In assenza di intervento pubblico, l'impresa responsabile può perseguire il proprio interesse soltanto a condizione di servire quello generale dei propri clienti: per realizzare utili deve offrire beni o servizi che meritino di essere acquistati e che vengano prodotti a costi competitivi. Quanto più serve gli interessi degli acquirenti, tanto più il prodotto viene acquistato, tanto maggiori saranno ricavi e utili. Interesse privato ed interesse generale coincidono. Quando, viceversa, interviene la politica la musica cambia: le sovvenzioni pubbliche nascondono le perdite, l'impresa passiva diventa possibile. In questo caso, l'interesse generale viene subordinato a quello dei fattori produttivi impiegati nell'impresa. Questi ultimi percepiscono un reddito che non producono, il che significa che qualcun altro produce un reddito che non percepisce. L'impresa passiva, cioè, costituisce uno strumento di redistribuzione di reddito (e di potere) dal settore produttivo ed efficiente a quello politico assistito.

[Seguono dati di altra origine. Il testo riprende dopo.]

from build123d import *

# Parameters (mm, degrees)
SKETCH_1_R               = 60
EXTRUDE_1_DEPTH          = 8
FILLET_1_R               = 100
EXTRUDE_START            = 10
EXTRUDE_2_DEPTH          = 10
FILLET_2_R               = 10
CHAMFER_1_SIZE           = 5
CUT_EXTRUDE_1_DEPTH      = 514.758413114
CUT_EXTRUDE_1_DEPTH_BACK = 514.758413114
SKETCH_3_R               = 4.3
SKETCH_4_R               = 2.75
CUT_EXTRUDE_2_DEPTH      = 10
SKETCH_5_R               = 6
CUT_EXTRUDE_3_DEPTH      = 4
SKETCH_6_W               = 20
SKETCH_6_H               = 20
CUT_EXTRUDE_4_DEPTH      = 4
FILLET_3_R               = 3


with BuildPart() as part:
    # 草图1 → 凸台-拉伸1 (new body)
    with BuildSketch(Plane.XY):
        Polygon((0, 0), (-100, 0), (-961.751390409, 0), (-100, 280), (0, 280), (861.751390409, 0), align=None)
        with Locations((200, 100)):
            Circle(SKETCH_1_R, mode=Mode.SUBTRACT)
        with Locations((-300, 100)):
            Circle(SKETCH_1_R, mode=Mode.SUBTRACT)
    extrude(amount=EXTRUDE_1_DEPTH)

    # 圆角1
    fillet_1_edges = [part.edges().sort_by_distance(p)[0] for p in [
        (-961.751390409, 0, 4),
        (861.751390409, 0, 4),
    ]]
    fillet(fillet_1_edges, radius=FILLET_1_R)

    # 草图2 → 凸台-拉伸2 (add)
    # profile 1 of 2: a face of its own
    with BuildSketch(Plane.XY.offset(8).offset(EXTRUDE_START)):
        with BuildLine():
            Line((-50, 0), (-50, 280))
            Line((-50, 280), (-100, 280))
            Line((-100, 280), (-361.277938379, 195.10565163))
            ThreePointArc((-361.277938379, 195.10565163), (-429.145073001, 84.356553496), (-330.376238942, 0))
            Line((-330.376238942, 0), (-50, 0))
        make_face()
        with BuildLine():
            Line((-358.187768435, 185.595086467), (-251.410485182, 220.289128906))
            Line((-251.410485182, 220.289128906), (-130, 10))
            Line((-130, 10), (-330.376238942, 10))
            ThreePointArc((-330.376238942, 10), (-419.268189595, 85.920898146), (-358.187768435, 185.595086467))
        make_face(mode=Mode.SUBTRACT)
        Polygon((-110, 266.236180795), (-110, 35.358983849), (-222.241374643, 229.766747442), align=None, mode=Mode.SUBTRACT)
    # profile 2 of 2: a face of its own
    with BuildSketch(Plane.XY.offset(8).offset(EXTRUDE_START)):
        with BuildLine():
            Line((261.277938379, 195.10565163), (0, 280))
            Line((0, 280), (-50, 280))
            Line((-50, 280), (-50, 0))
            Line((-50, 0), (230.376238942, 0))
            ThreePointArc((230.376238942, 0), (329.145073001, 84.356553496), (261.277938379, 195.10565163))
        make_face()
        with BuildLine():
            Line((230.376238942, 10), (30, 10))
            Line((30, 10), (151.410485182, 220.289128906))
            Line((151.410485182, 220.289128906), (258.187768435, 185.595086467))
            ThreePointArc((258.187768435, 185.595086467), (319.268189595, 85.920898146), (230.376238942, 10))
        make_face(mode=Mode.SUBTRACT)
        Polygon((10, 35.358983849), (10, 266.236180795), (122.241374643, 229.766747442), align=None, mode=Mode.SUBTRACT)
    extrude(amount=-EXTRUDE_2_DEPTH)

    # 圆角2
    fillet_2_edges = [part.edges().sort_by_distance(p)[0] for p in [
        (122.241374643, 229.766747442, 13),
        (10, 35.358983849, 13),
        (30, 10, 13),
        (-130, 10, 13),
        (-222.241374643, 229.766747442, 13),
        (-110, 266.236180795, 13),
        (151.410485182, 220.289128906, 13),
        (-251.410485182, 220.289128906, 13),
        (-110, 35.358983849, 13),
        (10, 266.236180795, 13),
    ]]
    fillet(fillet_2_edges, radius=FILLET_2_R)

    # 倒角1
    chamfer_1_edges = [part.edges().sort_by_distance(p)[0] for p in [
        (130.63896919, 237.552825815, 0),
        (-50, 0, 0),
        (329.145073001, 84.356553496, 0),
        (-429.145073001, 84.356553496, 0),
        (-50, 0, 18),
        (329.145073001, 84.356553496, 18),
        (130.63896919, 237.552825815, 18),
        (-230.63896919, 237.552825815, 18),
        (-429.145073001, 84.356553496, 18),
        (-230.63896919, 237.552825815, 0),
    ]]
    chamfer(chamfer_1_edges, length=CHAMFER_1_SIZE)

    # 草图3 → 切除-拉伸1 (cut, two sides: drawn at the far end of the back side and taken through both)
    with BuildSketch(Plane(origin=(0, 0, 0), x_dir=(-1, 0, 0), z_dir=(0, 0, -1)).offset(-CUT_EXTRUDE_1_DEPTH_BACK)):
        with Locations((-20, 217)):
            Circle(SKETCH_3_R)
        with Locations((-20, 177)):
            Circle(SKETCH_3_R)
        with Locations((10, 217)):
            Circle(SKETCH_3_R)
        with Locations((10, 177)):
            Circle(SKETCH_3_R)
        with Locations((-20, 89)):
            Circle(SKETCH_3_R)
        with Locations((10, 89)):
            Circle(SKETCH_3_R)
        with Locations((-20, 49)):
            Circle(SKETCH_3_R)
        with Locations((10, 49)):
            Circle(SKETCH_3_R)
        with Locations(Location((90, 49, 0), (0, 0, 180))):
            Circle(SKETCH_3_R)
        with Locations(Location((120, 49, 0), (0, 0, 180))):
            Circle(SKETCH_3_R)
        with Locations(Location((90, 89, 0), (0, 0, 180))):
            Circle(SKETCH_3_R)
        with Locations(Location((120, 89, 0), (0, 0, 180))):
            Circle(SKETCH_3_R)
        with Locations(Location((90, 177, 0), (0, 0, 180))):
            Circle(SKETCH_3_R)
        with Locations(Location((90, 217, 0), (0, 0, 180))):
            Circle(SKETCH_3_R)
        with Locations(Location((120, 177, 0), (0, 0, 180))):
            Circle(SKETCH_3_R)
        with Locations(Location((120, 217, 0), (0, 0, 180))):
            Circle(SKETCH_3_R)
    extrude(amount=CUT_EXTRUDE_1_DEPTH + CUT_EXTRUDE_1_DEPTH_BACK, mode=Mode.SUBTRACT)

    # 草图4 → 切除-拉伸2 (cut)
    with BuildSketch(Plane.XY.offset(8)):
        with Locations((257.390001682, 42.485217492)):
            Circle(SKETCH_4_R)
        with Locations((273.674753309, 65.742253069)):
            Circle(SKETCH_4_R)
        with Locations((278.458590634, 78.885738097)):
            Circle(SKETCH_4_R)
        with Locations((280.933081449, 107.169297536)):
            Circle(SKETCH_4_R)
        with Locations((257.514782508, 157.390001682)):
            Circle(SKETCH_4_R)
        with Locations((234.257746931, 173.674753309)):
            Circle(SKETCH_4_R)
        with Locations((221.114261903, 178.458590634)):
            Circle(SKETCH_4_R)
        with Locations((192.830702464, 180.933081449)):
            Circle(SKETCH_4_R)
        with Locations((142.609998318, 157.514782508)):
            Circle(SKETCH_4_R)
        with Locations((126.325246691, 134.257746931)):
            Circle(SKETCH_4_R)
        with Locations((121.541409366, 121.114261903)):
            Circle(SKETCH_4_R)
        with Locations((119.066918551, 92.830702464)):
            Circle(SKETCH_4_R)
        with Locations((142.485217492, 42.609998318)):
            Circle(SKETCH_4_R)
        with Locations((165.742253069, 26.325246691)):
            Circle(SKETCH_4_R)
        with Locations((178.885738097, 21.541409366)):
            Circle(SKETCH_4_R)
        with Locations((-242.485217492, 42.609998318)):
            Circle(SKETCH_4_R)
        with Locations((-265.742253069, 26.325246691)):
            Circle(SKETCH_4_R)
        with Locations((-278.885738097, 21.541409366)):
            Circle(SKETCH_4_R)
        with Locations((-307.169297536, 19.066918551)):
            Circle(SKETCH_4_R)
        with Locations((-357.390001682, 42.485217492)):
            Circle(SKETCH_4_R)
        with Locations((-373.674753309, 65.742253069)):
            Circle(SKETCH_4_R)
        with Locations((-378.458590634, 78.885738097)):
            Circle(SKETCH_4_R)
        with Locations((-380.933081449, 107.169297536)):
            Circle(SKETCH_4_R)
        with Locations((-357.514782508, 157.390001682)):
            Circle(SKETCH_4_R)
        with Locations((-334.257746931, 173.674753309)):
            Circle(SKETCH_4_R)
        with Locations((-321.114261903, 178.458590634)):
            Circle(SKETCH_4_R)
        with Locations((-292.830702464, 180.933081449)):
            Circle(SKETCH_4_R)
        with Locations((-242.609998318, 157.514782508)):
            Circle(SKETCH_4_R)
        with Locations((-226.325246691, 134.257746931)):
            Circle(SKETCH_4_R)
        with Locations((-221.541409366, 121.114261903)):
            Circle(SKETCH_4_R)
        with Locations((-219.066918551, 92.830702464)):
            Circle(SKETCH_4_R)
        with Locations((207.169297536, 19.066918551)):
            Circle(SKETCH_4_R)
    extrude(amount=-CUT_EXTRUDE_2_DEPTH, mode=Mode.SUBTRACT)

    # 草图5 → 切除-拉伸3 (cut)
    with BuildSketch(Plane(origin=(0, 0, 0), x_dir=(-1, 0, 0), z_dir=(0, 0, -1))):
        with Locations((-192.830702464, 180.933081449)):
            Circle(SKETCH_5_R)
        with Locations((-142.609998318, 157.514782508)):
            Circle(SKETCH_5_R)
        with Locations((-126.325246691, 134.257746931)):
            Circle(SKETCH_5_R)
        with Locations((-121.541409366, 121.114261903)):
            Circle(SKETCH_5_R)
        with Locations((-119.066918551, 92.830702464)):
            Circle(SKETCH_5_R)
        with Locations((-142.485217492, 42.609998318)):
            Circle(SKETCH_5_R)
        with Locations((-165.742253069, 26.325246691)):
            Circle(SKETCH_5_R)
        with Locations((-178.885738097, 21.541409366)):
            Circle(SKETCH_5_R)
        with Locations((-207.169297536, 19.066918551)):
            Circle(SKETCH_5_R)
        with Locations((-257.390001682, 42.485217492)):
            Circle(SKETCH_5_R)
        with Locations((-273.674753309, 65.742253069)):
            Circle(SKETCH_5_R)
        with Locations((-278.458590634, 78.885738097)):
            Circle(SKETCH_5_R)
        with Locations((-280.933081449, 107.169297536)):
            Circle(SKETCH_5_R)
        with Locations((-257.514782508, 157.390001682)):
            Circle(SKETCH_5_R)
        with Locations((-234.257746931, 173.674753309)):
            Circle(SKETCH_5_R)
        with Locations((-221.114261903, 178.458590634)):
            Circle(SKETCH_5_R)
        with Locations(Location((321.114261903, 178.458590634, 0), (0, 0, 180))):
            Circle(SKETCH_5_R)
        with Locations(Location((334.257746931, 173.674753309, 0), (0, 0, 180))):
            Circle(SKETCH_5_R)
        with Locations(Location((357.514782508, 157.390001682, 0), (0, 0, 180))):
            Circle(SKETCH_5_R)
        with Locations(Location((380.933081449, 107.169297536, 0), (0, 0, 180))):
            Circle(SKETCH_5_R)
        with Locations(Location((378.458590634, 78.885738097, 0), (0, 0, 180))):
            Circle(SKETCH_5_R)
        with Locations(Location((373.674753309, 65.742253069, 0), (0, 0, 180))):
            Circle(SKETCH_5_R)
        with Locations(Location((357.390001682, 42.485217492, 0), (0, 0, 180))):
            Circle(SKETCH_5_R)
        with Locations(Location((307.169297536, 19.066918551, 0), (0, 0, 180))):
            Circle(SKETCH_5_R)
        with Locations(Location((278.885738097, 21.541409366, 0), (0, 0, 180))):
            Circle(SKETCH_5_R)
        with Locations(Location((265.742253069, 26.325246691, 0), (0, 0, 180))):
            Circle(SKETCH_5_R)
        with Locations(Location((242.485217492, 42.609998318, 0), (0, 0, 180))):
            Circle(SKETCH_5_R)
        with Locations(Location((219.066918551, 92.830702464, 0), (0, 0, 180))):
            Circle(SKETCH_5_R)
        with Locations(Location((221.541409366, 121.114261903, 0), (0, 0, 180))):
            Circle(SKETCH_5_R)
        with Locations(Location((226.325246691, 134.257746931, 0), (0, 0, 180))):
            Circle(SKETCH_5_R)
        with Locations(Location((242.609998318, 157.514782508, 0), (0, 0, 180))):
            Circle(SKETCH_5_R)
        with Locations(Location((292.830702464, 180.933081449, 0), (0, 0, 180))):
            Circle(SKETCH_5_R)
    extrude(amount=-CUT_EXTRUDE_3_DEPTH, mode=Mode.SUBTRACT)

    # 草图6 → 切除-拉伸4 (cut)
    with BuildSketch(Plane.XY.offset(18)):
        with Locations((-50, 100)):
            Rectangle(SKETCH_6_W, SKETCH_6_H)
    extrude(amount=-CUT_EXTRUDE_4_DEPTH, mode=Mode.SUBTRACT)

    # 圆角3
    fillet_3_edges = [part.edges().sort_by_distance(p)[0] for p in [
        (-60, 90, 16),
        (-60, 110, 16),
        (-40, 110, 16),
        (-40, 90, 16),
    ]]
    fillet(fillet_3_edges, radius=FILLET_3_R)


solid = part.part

Si sarà notato che ho parlato in genere di impresa "passiva", senza specificare se "pubblica" o "privata". La spiegazione è semplice: le stesse considerazioni che valgono per le imprese - ad esempio - parastatali, valgono anche per quelle imprese private che sono ben liete di essere protette dal principio di irresponsabilità ed ottenere sovvenzioni pubbliche, confermando così che l'osservazione di Gaetano Salvemini sull'Italia fascista è ancora valida: "Nell'Italia fascista il profitto è privato ed individuale, le perdite sono pubbliche e sociali". La prassi di sovvenzionare imprese private inefficienti o tenere in piedi società parastatali decotte, magari con la nobile giustificazione di tutelare i livelli di occupazione, è indifendibile sul piano dell'efficienza e dell'equità, contraria agli accordi europei, e, soprattutto, causa prima di quell'infausto connubio fra politica ed economica che ha appestato l'Italia con il sistema di corruzione più capillare e diffuso fra i paesi occidentali. Questi sussidi,

infatti, sottraggono risorse a chi le potrebbe impiegare utilmente per attribuirle ad imprese inefficienti; prelevano soldi dalle tasche di tutti, anche dei poveri, per metterli in quelle di imprenditori non propriamente indigenti; violano le norme europee sulla concorrenza ed offrono grandi occasioni di corruzione a politici, partitanti ed affaristi. Per rendere funzionante quel sistema di regole senza il quale il mercato non esiste, la ricetta è poco originale ma insostituibile: cacciare i politici dall'economia, ripristinare l'etica della responsabilità. Questo vale sia per il parastato, che va smatellato e restituito alla disciplina di mercato, che per gli imprenditori privati, che devono perdere la cattiva abitudine di questuare sussidi ed aiuti vari. La disciplina del mercato, in assenza di intrusioni dei politici, è l'unico metodo efficace per tenere a bada quella che Adam Smith chiamava "la bassa rapacità e lo spirito di monopolio di mercanti e manifatturi".